Most of San Antonio’s good eating and drinking spots are spread out around town. You won’t find them mixed in with Hooter’s, Dick’s Last Resort, and other tragedies that take over the tourist trail near the Alamo. You need to know where to go. Here are my recommendations:
THE PEARL BREWERY
NAO – New World Flavors: Run by the Culinary Institute of America and helmed by Venezuelan chef Geronimo Lopez, opened in mid-2012 and focuses entirely on small plates, all $9 each, from around Latin America. You’ll find Peruvian tiraditos, a Caribbean corbullon, mollejas, duck mole, and even Brazilian Xingu beer and pisco based cocktails. Highly recommended. 312 Pearl Parkway, naorestaurant.com
La Gloria Ice House: CIA grad and San Antonio native chef/owner Johnny Hernandez takes on Mexican street foods at this indoor/outdoor space that piers out over the River Walk. The focus is on bites from the interior, so think in terms of tacos, tortas, talyudas, and even a few ceviches. 100 East Grayson Street, lagloriaicehouse.com.
The Granary: Being a long way from Hill Country, San Anotnio has lacked a great place for brisket and pork ribs. This microbrewery and Central Texas focused BBQ joint that opened in November looks to fill that gap. 602 Avenue A, thegranarysa.com.
CIA Bakery Café: Run by the cooking school, come here for light fare like soups and sandwiches, as well as expertly poured fair trade coffees and French inspired pastries. 312 Pearl Parkway.
Il Sogno Osteria and Sandbar: These two restaurants from James Beard nominee Andrew Weissman focus on seafood and the trattoria fare of Rome/Florence, respectively. A third restaurant outfitted from four recycled cargo containers, The Luxury, is in development. 200 East Grayson Street.
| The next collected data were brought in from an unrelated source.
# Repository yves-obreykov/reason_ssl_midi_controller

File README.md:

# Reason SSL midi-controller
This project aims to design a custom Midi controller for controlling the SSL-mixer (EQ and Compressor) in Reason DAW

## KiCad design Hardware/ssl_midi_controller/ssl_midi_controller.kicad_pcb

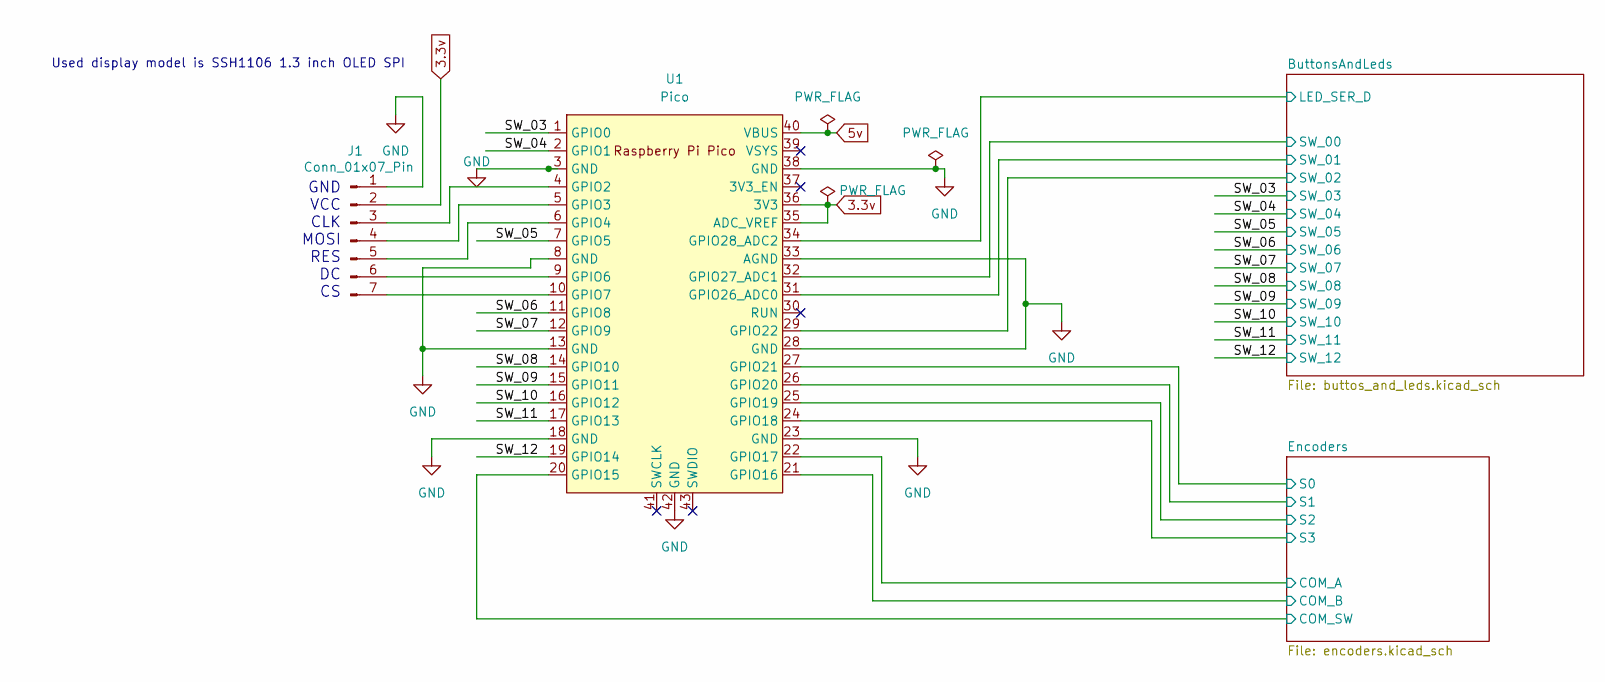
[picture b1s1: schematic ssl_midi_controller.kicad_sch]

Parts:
J1: Conn_01x07_Pin; PinHeader_1x07_P2.54mm_Vertical
U1: Pico; RaspberryPi_Pico_Common_THT

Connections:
3.3v: J1.2, U1.35 (ADC_VREF), U1.36 (3V3); also elsewhere on the board
5v: U1.40 (VBUS); also elsewhere on the board
/ButtonsAndLeds/LED_SER_D: U1.34 (GPIO28_ADC2); also elsewhere on the board
/ButtonsAndLeds/SW_00: U1.32 (GPIO27_ADC1); also elsewhere on the board
/ButtonsAndLeds/SW_01: U1.31 (GPIO26_ADC0); also elsewhere on the board
/ButtonsAndLeds/SW_02: U1.29 (GPIO22); also elsewhere on the board
/Encoders/COM_A: U1.22 (GPIO17); also elsewhere on the board
/Encoders/COM_B: U1.21 (GPIO16); also elsewhere on the board
/Encoders/COM_SW: U1.20 (GPIO15); also elsewhere on the board
/Encoders/S0: U1.27 (GPIO21); also elsewhere on the board
/Encoders/S1: U1.26 (GPIO20); also elsewhere on the board
/Encoders/S2: U1.25 (GPIO19); also elsewhere on the board
/Encoders/S3: U1.24 (GPIO18); also elsewhere on the board
/SW_03: U1.1 (GPIO0); also elsewhere on the board
/SW_04: U1.2 (GPIO1); also elsewhere on the board
/SW_05: U1.7 (GPIO5); also elsewhere on the board
/SW_06: U1.11 (GPIO8); also elsewhere on the board
/SW_07: U1.12 (GPIO9); also elsewhere on the board
/SW_08: U1.14 (GPIO10); also elsewhere on the board
/SW_09: U1.15 (GPIO11); also elsewhere on the board
/SW_10: U1.16 (GPIO12); also elsewhere on the board
/SW_11: U1.17 (GPIO13); also elsewhere on the board
/SW_12: U1.19 (GPIO14); also elsewhere on the board
GND: J1.1, U1.3 (GND), U1.8 (GND), U1.13 (GND), U1.18 (GND), U1.23 (GND), U1.28 (GND), U1.33 (AGND), U1.38 (GND), U1.42 (GND); also elsewhere on the board
unnamed: J1.3, U1.4 (GPIO2)
unnamed: J1.4, U1.5 (GPIO3)
unnamed: J1.5, U1.6 (GPIO4)
unnamed: J1.6, U1.9 (GPIO6)
unnamed: J1.7, U1.10 (GPIO7)

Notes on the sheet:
Used display model is SSH1106 1.3 inch OLED SPI
GND VCC CLK MOSI RES DC CS

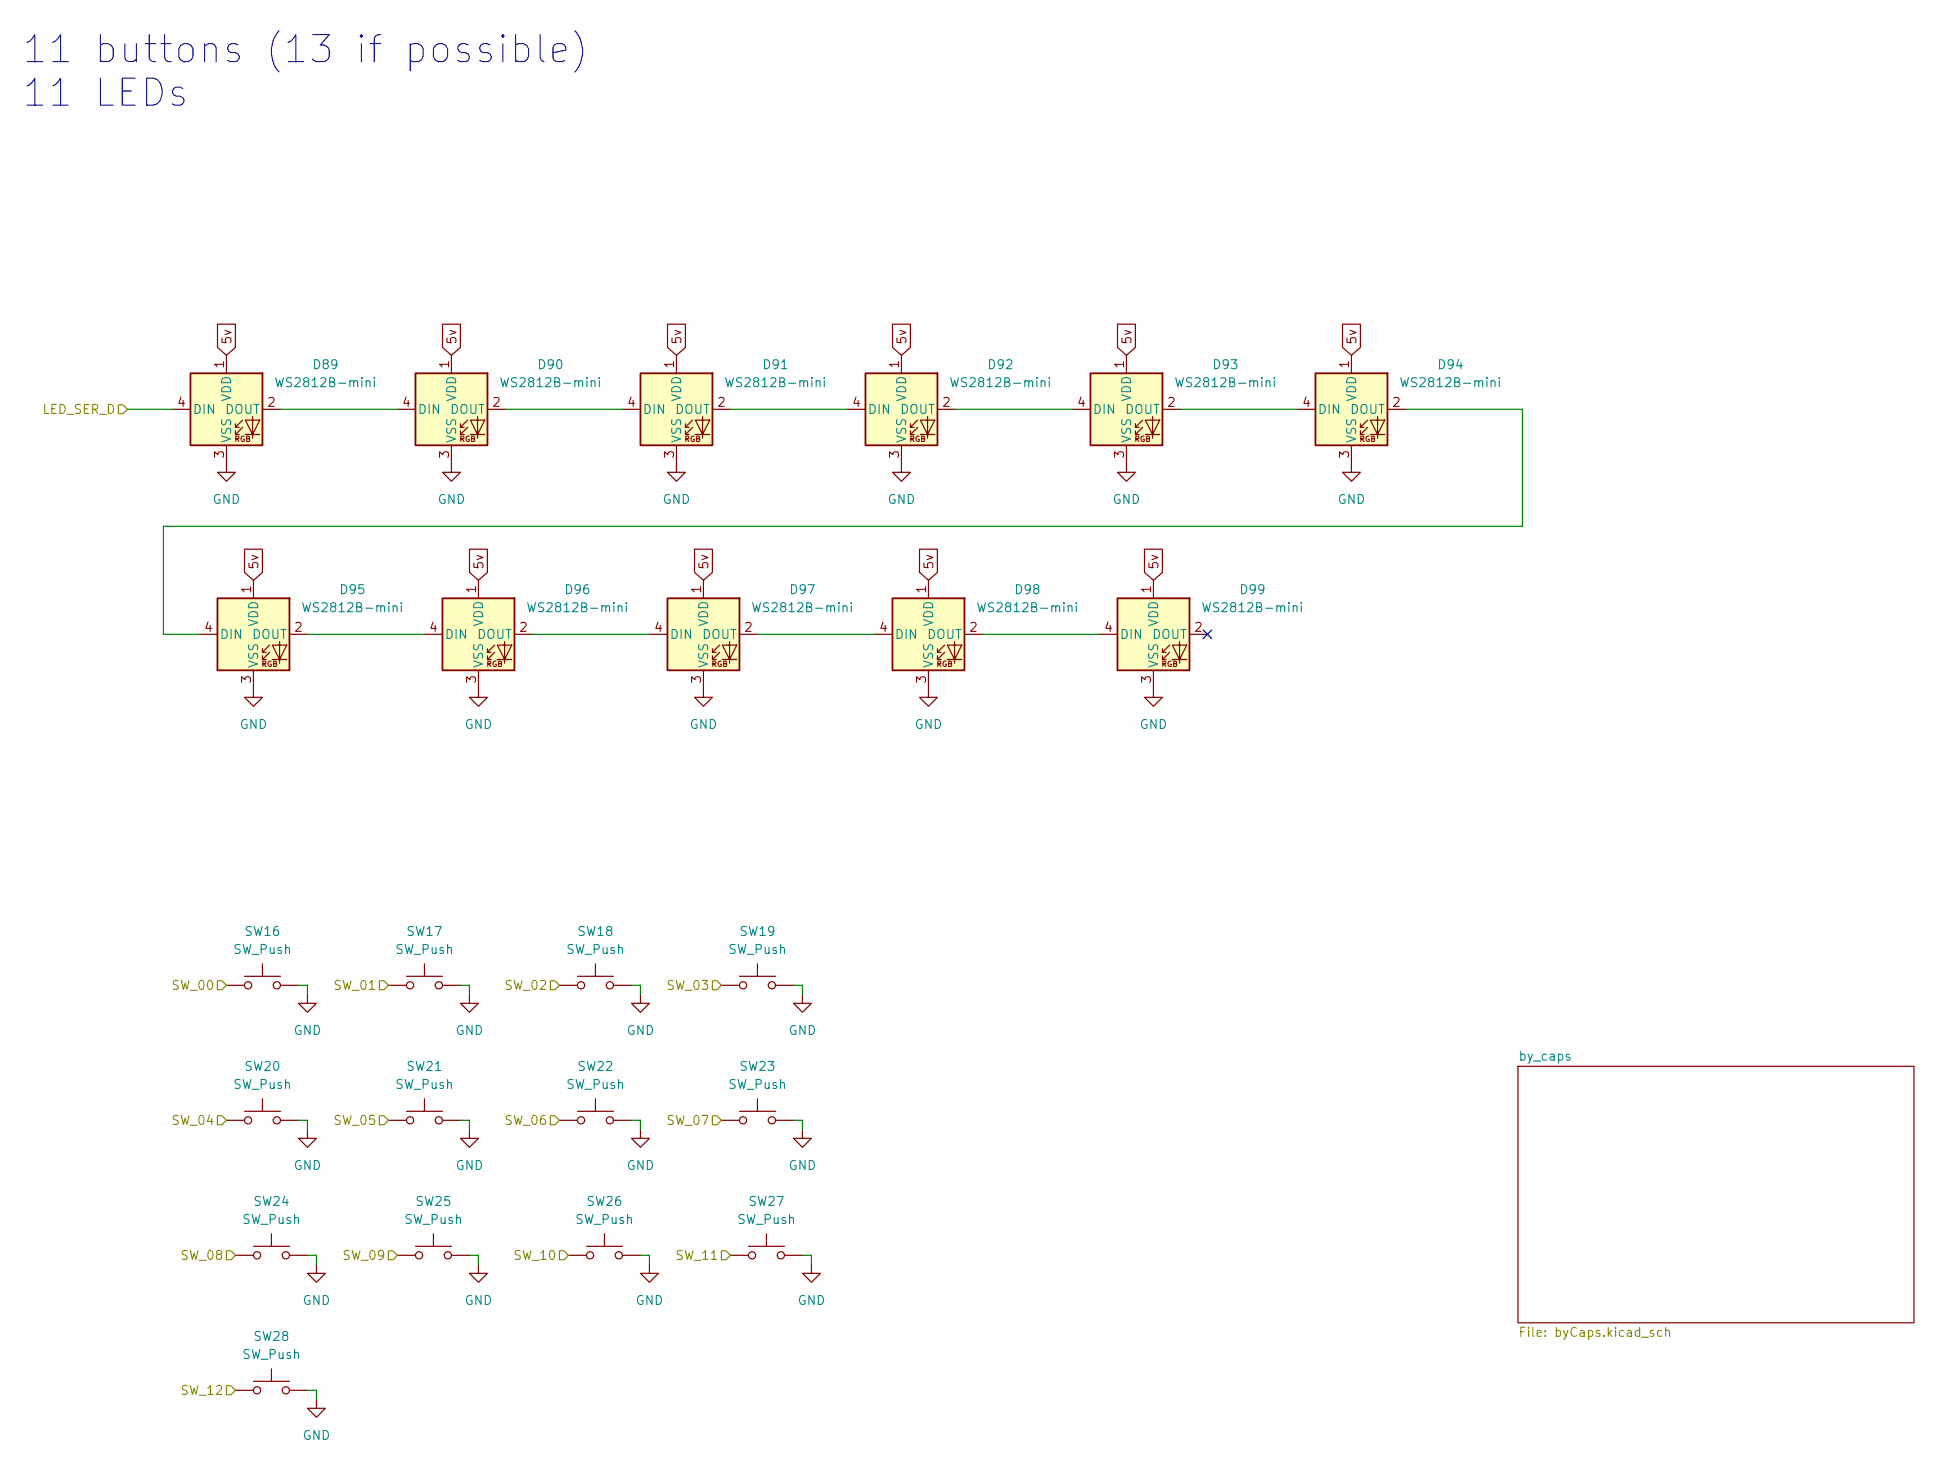
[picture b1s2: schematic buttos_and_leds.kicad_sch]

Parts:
D89, D90, D91, D92, D93, D94, D95, D96, D97, D98, D99: WS2812B-mini; LED_WS2812B-Mini_PLCC4_3.5x3.5mm
SW16, SW17, SW18, SW19, SW20, SW21, SW22, SW23, SW24, SW25, SW26, SW27, SW28: SW_Push; SW_PUSH_6mm_H5mm

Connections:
5v: D89.1 (VDD), D90.1 (VDD), D91.1 (VDD), D92.1 (VDD), D93.1 (VDD), D94.1 (VDD), D95.1 (VDD), D96.1 (VDD), D97.1 (VDD), D98.1 (VDD), D99.1 (VDD); also elsewhere on the board
/ButtonsAndLeds/LED_SER_D: D89.4 (DIN); also elsewhere on the board
/ButtonsAndLeds/SW_00: SW16.1; also elsewhere on the board
/ButtonsAndLeds/SW_01: SW17.1; also elsewhere on the board
/ButtonsAndLeds/SW_02: SW18.1; also elsewhere on the board
/SW_03: SW19.1; also elsewhere on the board
/SW_04: SW20.1; also elsewhere on the board
/SW_05: SW21.1; also elsewhere on the board
/SW_06: SW22.1; also elsewhere on the board
/SW_07: SW23.1; also elsewhere on the board
/SW_08: SW24.1; also elsewhere on the board
/SW_09: SW25.1; also elsewhere on the board
/SW_10: SW26.1; also elsewhere on the board
/SW_11: SW27.1; also elsewhere on the board
/SW_12: SW28.1; also elsewhere on the board
GND: D89.3 (VSS), D90.3 (VSS), D91.3 (VSS), D92.3 (VSS), D93.3 (VSS), D94.3 (VSS), D95.3 (VSS), D96.3 (VSS), D97.3 (VSS), D98.3 (VSS), D99.3 (VSS), SW16.2, SW17.2, SW18.2, SW19.2, SW20.2, SW21.2, SW22.2, SW23.2, SW24.2, SW25.2, SW26.2, SW27.2, SW28.2; also elsewhere on the board
unnamed: D89.2 (DOUT), D90.4 (DIN)
unnamed: D90.2 (DOUT), D91.4 (DIN)
unnamed: D91.2 (DOUT), D92.4 (DIN)
unnamed: D92.2 (DOUT), D93.4 (DIN)
unnamed: D93.2 (DOUT), D94.4 (DIN)
unnamed: D94.2 (DOUT), D95.4 (DIN)
unnamed: D95.2 (DOUT), D96.4 (DIN)
unnamed: D96.2 (DOUT), D97.4 (DIN)
unnamed: D97.2 (DOUT), D98.4 (DIN)
unnamed: D98.2 (DOUT), D99.4 (DIN)

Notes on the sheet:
11 buttons (13 if possible) 11 LEDs

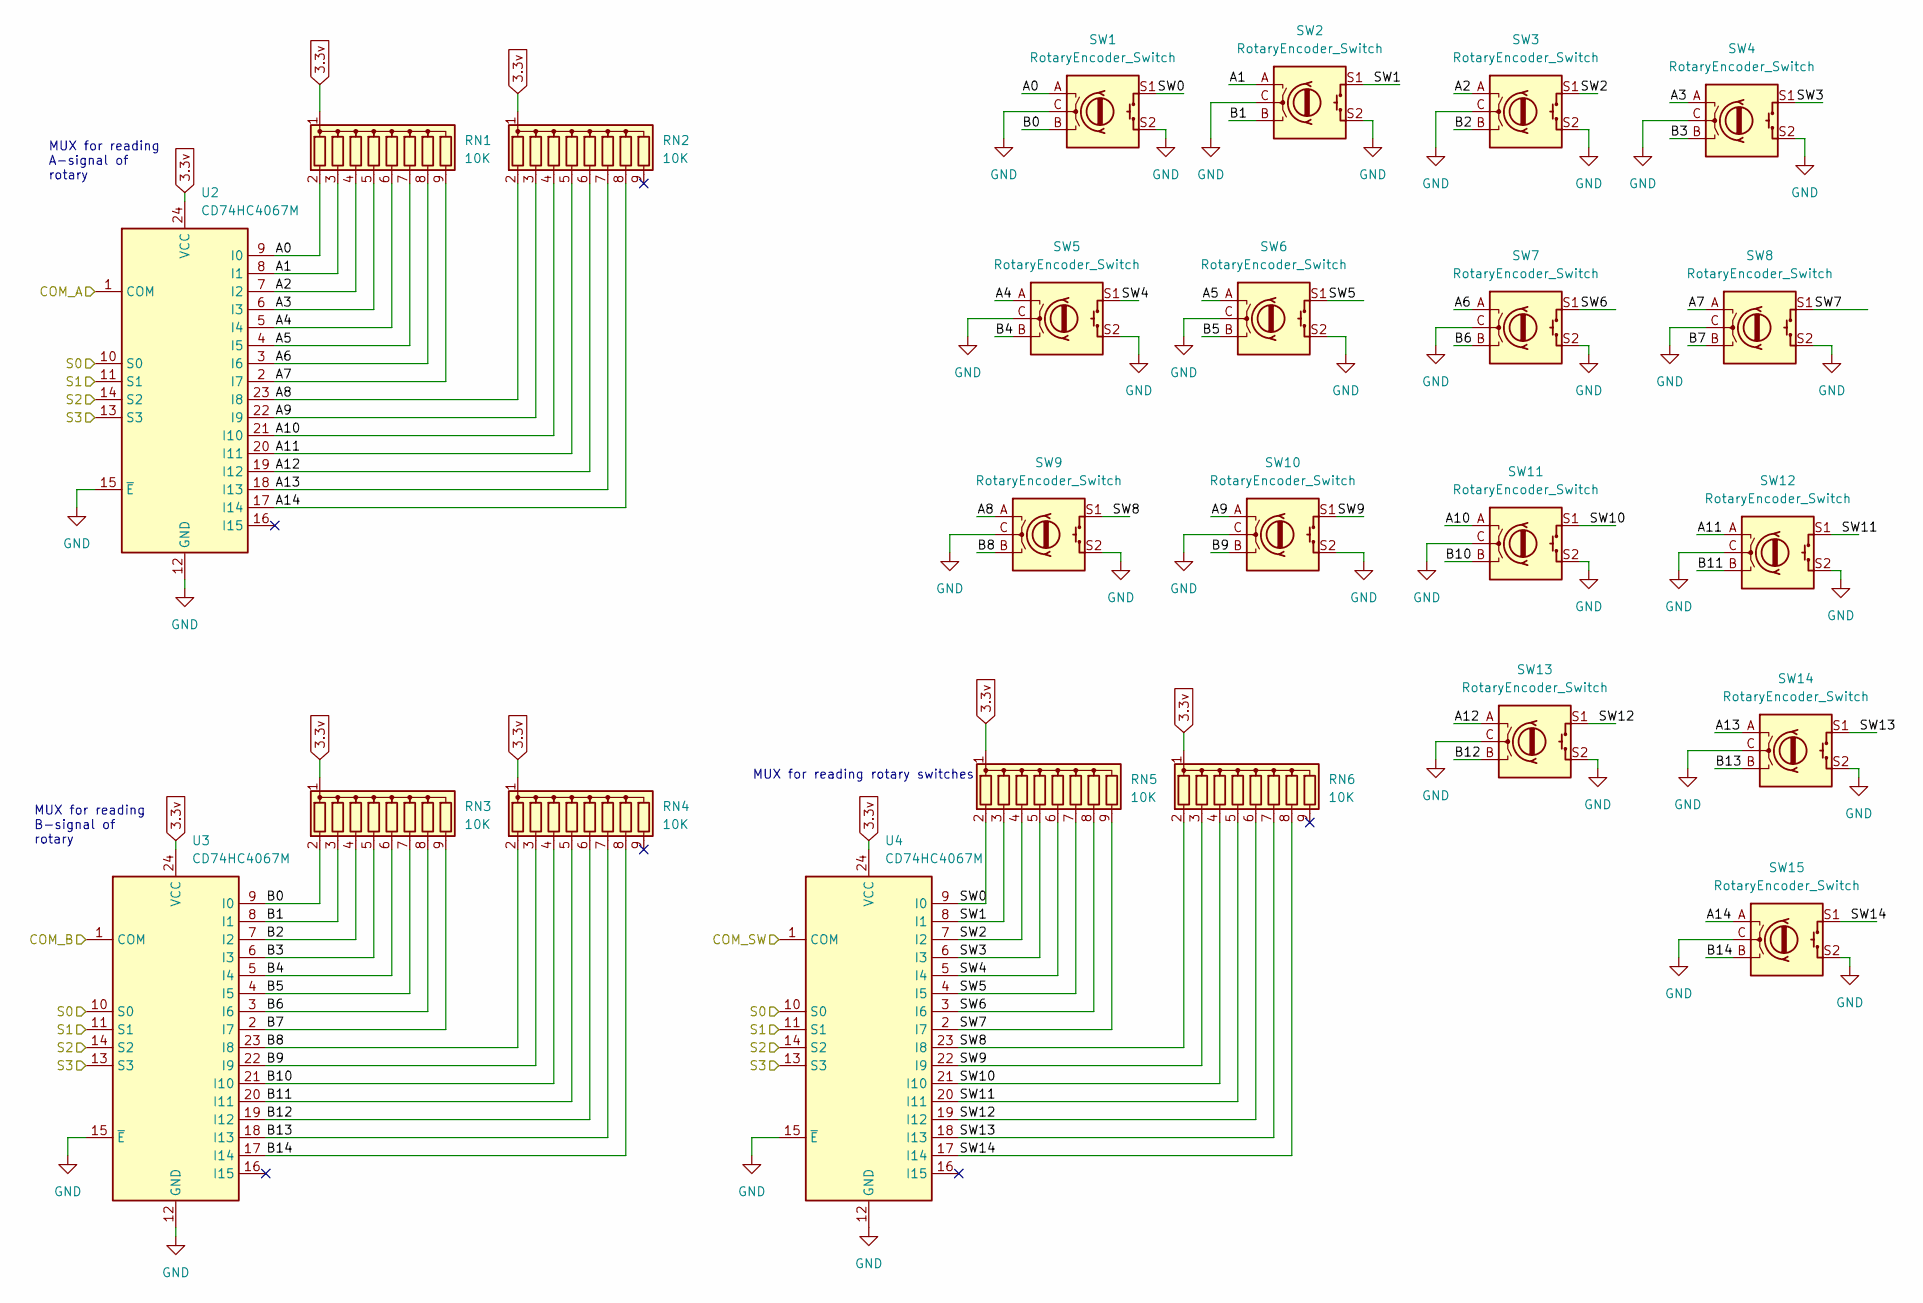
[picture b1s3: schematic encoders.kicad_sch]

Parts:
RN1, RN2, RN3, RN4, RN5, RN6: 10K; R_Array_SIP9
SW1, SW2, SW3, SW4, SW5, SW6, SW7, SW8, SW9, SW10, SW11, SW12, SW13, SW14, SW15: RotaryEncoder_Switch; RotaryEncoder_Alps_EC11E-Switch_Vertical_H20mm_MountingHoles
U2, U3, U4: CD74HC4067M; SOIC-24W_7.5x15.4mm_P1.27mm

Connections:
3.3v: RN1.1 (common), RN2.1 (common), RN3.1 (common), RN4.1 (common), RN5.1 (common), RN6.1 (common), U2.24 (VCC), U3.24 (VCC), U4.24 (VCC); also elsewhere on the board
/Encoders/A0: RN1.2 (R1), SW1.A, U2.9 (I0)
/Encoders/A1: RN1.3 (R2), SW2.A, U2.8 (I1)
/Encoders/A2: RN1.4 (R3), SW3.A, U2.7 (I2)
/Encoders/A3: RN1.5 (R4), SW4.A, U2.6 (I3)
/Encoders/A4: RN1.6 (R5), SW5.A, U2.5 (I4)
/Encoders/A5: RN1.7 (R6), SW6.A, U2.4 (I5)
/Encoders/A6: RN1.8 (R7), SW7.A, U2.3 (I6)
/Encoders/A7: RN1.9 (R8), SW8.A, U2.2 (I7)
/Encoders/A8: RN2.2 (R1), SW9.A, U2.23 (I8)
/Encoders/A9: RN2.3 (R2), SW10.A, U2.22 (I9)
/Encoders/A10: RN2.4 (R3), SW11.A, U2.21 (I10)
/Encoders/A11: RN2.5 (R4), SW12.A, U2.20 (I11)
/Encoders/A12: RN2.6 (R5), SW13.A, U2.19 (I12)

Mary Ann’s Pig Stand: While this is not in the Pearl Brewery complex, just walk under the highway overpass and it’s there. Come tot his 50’s style diner that has been open for 90 plus years for their famous BBQ pig sandwich. 1508 Broadway, maryannspigstand.com
DOWNTOWN
Lüke: Chef John Besh opened an outpost of his New Orleans restaurant to the River Walk. Besh’s first restaurant outside of Louisiana, Lüke offers up hearty German/French/Louisianan Cajun/Creole fare like Fried Oyster sliders & Peeler chicken and dumplings. 175 E Houston Street, lukesanantonio.com.
SOUTH TOWN & KING WILLIAM
The Monterey: This gastropub inside of an old Sunglo gas station is one of the most inventive dining options in San Antonio. Pick from a long list of craft beer and a dozen or so creative small plates (Foie Gras toast, Smoked Brisket Spaetzle, sweet chile Brussels sprouts). Highly recommended. 1127 S St Mary’s Street, themontereysa.com.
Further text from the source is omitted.